Knowledge November - Day 26 - What the movies have learned me



















Most of my lifetime has been spent watching American-made movies and television. A bit of British stuff has crept in at times and maybe some Canadian (without me really noticing) and a smidge of art-house sub-titled stuff, but mostly American.

Apart from being able to list more US presidents than Australian Prime Ministers, US movies have taught me many things about life over there that differs so greatly from my own.

Stuff like:

* When the hero or heroine returns back to their apartment, they never turn the light on, instead preferring to read by the street light streaming in through the window or when the fridge door is open. This love of darkness seems particularly prevalent to private investigators and forensics experts. Why examine some DNA or vital alien clue in a well lit laboratory when you can do it with a portable torch or a cigarette lighter?

* Likewise, they'll wearily sort through their mail, dump it on a table and listen to their answering machine. They'll have message after message on there, from syrupy voices saying 'Hey honey, how come you haven't called me?' to a couple of generic ones from their celluloid parents asking about their health. I'd be lucky to have more than two in an entire week that aren't just recordings of someone hanging up and not bothering to leave a message.

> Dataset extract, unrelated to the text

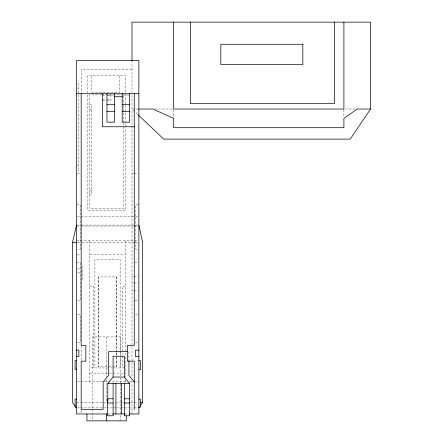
<?xml version="1.0" encoding="UTF-8"?>
<svg xmlns="http://www.w3.org/2000/svg" width="443" height="443" viewBox="0 0 443 443"><rect width="100%" height="100%" fill="white"/><g stroke="black" fill="none" stroke-linecap="round" stroke-linejoin="round"><path stroke-width="0.33" stroke-dasharray="2.21 1.66" d="M131.992 69.545L81.224 69.545L81.224 93.074M77.459 88.683L78.361 88.683M101.619 94.852L89.375 94.852L89.375 208.465L123.841 208.465L123.841 123.082M101.785 94.852L123.841 94.852L123.841 105.179M108.042 95.062L113.513 95.062M122.883 95.062L128.985 95.062M102.3 95.721L106.276 95.721M106.94 95.721L110.916 95.721M102.3 99.847L106.276 99.847M106.94 99.847L110.916 99.847M102.3 100.716L106.276 100.716M106.94 100.716L110.916 100.716L110.916 94.852M89.375 104.609L91.635 104.609L91.635 194.881L89.375 194.881M138.133 109.017L131.992 109.017L137.939 114.654M154.513 109.017L172.936 109.017M345.263 109.017L355.513 109.017M89.375 109.642L91.635 109.642M77.459 164.962L78.361 164.962M77.226 173.7L81.224 173.7M131.992 173.7L133.365 173.7M134.057 173.7L138.183 173.7M89.375 190.889L91.635 190.889M76.556 204.755L80.233 204.755L80.233 249.143L77.78 249.143M138.183 204.755L135.442 204.755L135.442 249.143L138.183 249.143M77.226 216.621L138.869 216.621M77.243 225.083L81.351 225.083M82.033 225.083L134.761 225.083M135.447 225.083L138.869 225.083M76.556 226.008L79.978 226.008M80.665 226.008L133.393 226.008M134.074 226.008L138.183 226.008M76.556 240.815L138.188 240.815M77.243 242.548L81.351 242.548M82.033 242.548L134.761 242.548M135.447 242.548L138.183 242.548M89.735 254.315L125.303 254.315M77.226 254.897L80.56 254.897M76.556 262.511L80.233 262.511L80.233 300.78L77.78 300.78M134.672 262.511L137.668 262.511M77.226 268.851L80.56 268.851M77.796 272.899L80.272 272.899M131.992 276.432L133.365 276.432M134.057 276.432L138.183 276.432M131.992 283.011L133.365 283.011M134.057 283.011L138.183 283.011M89.735 286.222L93.783 286.222L93.783 367.552L89.735 367.552M125.303 286.222L122.401 286.222L122.401 352.39M131.992 290.901L133.365 290.901M134.057 290.901L138.183 290.901M134.672 300.78L137.668 300.78M77.78 314.369L80.233 314.369L80.233 342.66L77.78 342.66M135.453 314.369L138.869 314.369M135.453 342.66L138.869 342.66M124.721 367.552L122.401 367.552L122.401 353.077M108.541 367.934L94.913 367.934L94.913 259.493L120.125 259.493L120.125 367.934L109.222 367.934M89.735 373.117L112.306 373.117M112.993 373.117L123.254 373.117M77.215 381.611L126.659 381.611M129.284 381.611L132.767 381.611M133.443 381.611L138.188 381.611M76.556 402.554L79.978 402.554M80.665 402.554L105.999 402.554M115.59 402.554L120.38 402.554M121.066 402.554L123.802 402.554M130.652 402.554L133.393 402.554M134.074 402.554L138.183 402.554M77.243 407.898L79.978 407.898M80.665 407.898L105.999 407.898M106.685 407.898L112.162 407.898M112.849 407.898L114.903 407.898M115.59 407.898L120.38 407.898M121.066 407.898L133.393 407.898M134.074 407.898L138.183 407.898M107.787 413.972L112.439 413.972M124.992 413.972L129.284 413.972M343.895 109.681L343.895 117.024M173.617 109.681L173.617 117.694M131.992 60.475L131.992 377.403M131.992 380.83L131.992 413.972M128.941 351.642L128.941 361.156M125.712 126.87L125.712 75.819L87.504 75.819L87.504 210.342L125.712 210.342L125.712 127.562M125.303 240.815L125.303 377.037M125.303 379.54L125.303 381.611M123.841 105.866L123.841 112.062M123.841 112.755L123.841 122.395M120.463 383.71L120.463 336.94L92.753 336.94L92.753 408.468M120.463 384.397L120.463 420.85M119.798 75.819L119.798 92.205L91.767 92.205L91.767 75.819M116.542 352.296L116.542 276.925L98.496 276.925L98.496 366.815L116.542 366.815L116.542 352.988M116.409 276.925L116.409 352.296M116.409 352.988L116.409 366.815M106.608 336.94L106.608 376.832M106.608 379.585L106.608 402.277M98.628 276.925L98.628 366.815M92.753 409.16L92.753 419.477M89.735 240.815L89.735 381.611M82.127 265.972L82.127 279.965M81.224 346.31L81.224 360.807M81.224 410.523L81.224 413.286M78.361 83.074L78.361 170.638"/><path stroke-width="0.66" d="M113.103 383.599L113.103 415.778L107.372 415.778L107.372 403.008L107.787 398.783L113.103 398.783M76.556 407.898L72.458 402.554L72.458 242.548L76.556 225.083M131.992 60.613L131.992 22.15L370.542 22.15L370.542 109.017L350.236 139.091L163.711 139.091L138.438 115.125M138.869 407.898L139.628 406.829M140.387 405.76L142.668 402.554L142.668 242.548L138.869 225.083M107.787 402.238L107.787 383.599L113.103 377.043L113.103 356.255L124.328 356.255L124.328 377.043L129.644 383.599L129.644 415.778L124.328 415.778L124.328 383.599M76.556 93.711L138.869 93.711M114.593 96.735L122.229 96.735M106.962 104.709L114.593 104.709M122.229 104.709L129.644 104.709M138.703 109.017L152.807 109.017L173.617 118.364L173.617 127.706L343.895 127.706L343.895 118.364L357.219 109.017L370.542 109.017M106.962 111.63L114.593 111.63M122.229 111.63L129.644 111.63M134.257 126.764L102.35 126.764L102.35 93.711M72.458 242.548L76.556 242.548M76.556 350.131L78.893 350.131L78.893 356.543L76.556 356.543M138.869 350.131L135.431 350.131L135.431 356.543L138.869 356.543M127.379 351.642L108.491 351.642L108.491 375.409L103.175 381.96L103.175 409.36L81.169 409.36L81.169 361.156L85.837 361.156L85.837 345.518L81.169 345.518L81.169 93.711M76.556 360.668L75.094 360.668L75.094 369.24L76.556 369.24M138.869 360.668L140.459 360.668L140.459 369.661L138.869 369.661M113.103 377.043L124.328 377.043M107.787 383.599L129.644 383.599M124.328 398.783L129.644 398.783M76.556 399.093L75.094 399.093L75.094 407.172L76.556 407.172M138.869 399.093L140.459 399.093L140.459 407.172L138.869 407.172M140.132 402.554L142.668 402.554M107.372 403.008L113.103 403.008M124.328 403.008L129.644 403.008M107.106 413.972L76.556 413.972L76.556 60.475L138.869 60.475L138.869 413.972L129.284 413.972M112.821 413.972L124.821 413.972M134.257 381.96L128.941 375.409L128.941 361.156M343.895 22.15L343.895 109.017L173.617 109.017L173.617 22.15M334.459 22.15L334.459 103.679L190.446 103.679L190.446 22.15M134.257 93.711L134.257 345.518L127.379 345.518L127.379 361.156L134.257 361.156L134.257 409.36M129.644 93.711L129.644 122.152L122.229 122.152L122.229 93.711M126.272 416.038L126.272 420.85L86.944 420.85L86.944 413.972M121.52 383.599L121.52 413.972M115.911 383.599L115.911 413.972M114.593 93.711L114.593 122.152L106.962 122.152L106.962 93.711M106.608 413.972L106.608 420.85M302.835 44.278L220.813 44.278L220.813 64.462L302.835 64.462L302.835 44.278"/></g></svg>

* Labor starts immediately. If a character is pregnant, her cervix will be ten centimetres dilated; waters splashed all over the shop and whatever strongly-worded argument she's engaged in will cease as the baby's head starts to emerge - all in the time it takes you to unwrap a Lindt ball. No 'count the minutes between the contractions, darling, the ante-natal teacher said they'll send us back home if it's more than five minutes' for these characters but BOOM - instant baby!

* Said babies, when they emerge two minutes later, look around three months old and smeared in red jelly. Otherwise they're gargantuans that would surely have the Guinness Book of Records staff popping over with a camera and a set of scales.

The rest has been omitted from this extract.